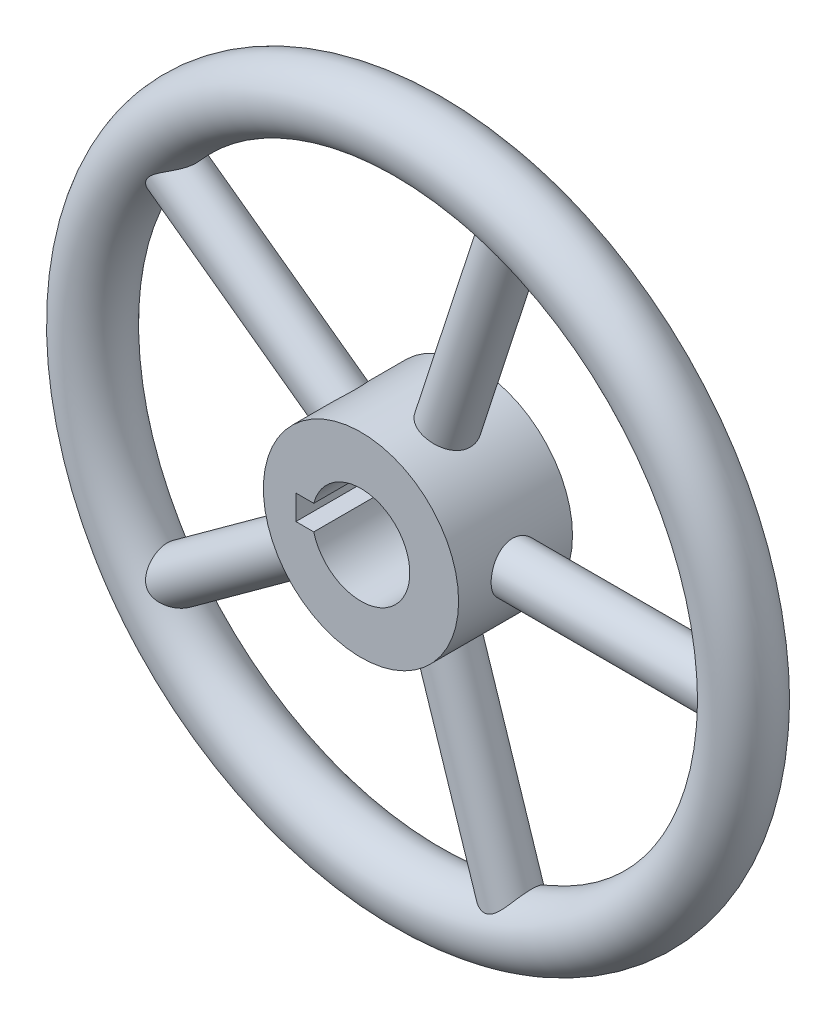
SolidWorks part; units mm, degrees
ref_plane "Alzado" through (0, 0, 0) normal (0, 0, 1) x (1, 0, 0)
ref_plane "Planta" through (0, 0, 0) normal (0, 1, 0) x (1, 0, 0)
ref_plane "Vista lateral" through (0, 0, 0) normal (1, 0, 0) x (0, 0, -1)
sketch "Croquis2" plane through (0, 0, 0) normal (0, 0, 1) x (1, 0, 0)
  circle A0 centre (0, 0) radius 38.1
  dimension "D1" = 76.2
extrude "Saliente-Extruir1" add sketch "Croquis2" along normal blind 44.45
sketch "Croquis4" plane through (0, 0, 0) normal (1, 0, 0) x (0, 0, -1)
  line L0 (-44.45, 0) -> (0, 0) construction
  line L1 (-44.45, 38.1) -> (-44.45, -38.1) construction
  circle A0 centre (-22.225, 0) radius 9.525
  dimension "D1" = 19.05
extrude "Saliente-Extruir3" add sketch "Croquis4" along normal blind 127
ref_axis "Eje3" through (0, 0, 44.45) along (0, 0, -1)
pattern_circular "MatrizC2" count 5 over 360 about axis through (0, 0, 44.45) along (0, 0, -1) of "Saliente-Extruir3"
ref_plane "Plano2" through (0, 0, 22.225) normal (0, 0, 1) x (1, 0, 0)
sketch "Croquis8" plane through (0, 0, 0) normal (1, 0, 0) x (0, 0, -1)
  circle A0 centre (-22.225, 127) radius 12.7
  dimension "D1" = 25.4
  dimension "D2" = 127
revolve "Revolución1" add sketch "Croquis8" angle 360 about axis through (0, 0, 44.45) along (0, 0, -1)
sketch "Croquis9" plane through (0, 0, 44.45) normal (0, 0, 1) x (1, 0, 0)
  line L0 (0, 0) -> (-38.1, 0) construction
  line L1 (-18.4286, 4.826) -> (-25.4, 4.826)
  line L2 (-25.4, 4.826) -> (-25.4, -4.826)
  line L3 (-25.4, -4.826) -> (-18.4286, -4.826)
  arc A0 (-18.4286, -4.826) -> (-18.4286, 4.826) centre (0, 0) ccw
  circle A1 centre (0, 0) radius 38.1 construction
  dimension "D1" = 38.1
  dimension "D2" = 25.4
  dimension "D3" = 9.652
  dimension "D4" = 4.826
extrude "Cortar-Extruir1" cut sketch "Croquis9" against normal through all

-*-*-

Go through the material above and repeat it exactly. Omit the pictures.

> **RESPONSE TO THE EXERCISE**
SolidWorks part; units mm, degrees
ref_plane "Alzado" through (0, 0, 0) normal (0, 0, 1) x (1, 0, 0)
ref_plane "Planta" through (0, 0, 0) normal (0, 1, 0) x (1, 0, 0)
ref_plane "Vista lateral" through (0, 0, 0) normal (1, 0, 0) x (0, 0, -1)
sketch "Croquis2" plane through (0, 0, 0) normal (0, 0, 1) x (1, 0, 0)
  circle A0 centre (0, 0) radius 38.1
  dimension "D1" = 76.2
extrude "Saliente-Extruir1" add sketch "Croquis2" along normal blind 44.45
sketch "Croquis4" plane through (0, 0, 0) normal (1, 0, 0) x (0, 0, -1)
  line L0 (-44.45, 0) -> (0, 0) construction
  line L1 (-44.45, 38.1) -> (-44.45, -38.1) construction
  circle A0 centre (-22.225, 0) radius 9.525
  dimension "D1" = 19.05
extrude "Saliente-Extruir3" add sketch "Croquis4" along normal blind 127
ref_axis "Eje3" through (0, 0, 44.45) along (0, 0, -1)
pattern_circular "MatrizC2" count 5 over 360 about axis through (0, 0, 44.45) along (0, 0, -1) of "Saliente-Extruir3"
ref_plane "Plano2" through (0, 0, 22.225) normal (0, 0, 1) x (1, 0, 0)
sketch "Croquis8" plane through (0, 0, 0) normal (1, 0, 0) x (0, 0, -1)
  circle A0 centre (-22.225, 127) radius 12.7
  dimension "D1" = 25.4
  dimension "D2" = 127
revolve "Revolución1" add sketch "Croquis8" angle 360 about axis through (0, 0, 44.45) along (0, 0, -1)
sketch "Croquis9" plane through (0, 0, 44.45) normal (0, 0, 1) x (1, 0, 0)
  line L0 (0, 0) -> (-38.1, 0) construction
  line L1 (-18.4286, 4.826) -> (-25.4, 4.826)
  line L2 (-25.4, 4.826) -> (-25.4, -4.826)
  line L3 (-25.4, -4.826) -> (-18.4286, -4.826)
  arc A0 (-18.4286, -4.826) -> (-18.4286, 4.826) centre (0, 0) ccw
  circle A1 centre (0, 0) radius 38.1 construction
  dimension "D1" = 38.1
  dimension "D2" = 25.4
  dimension "D3" = 9.652
  dimension "D4" = 4.826
extrude "Cortar-Extruir1" cut sketch "Croquis9" against normal through all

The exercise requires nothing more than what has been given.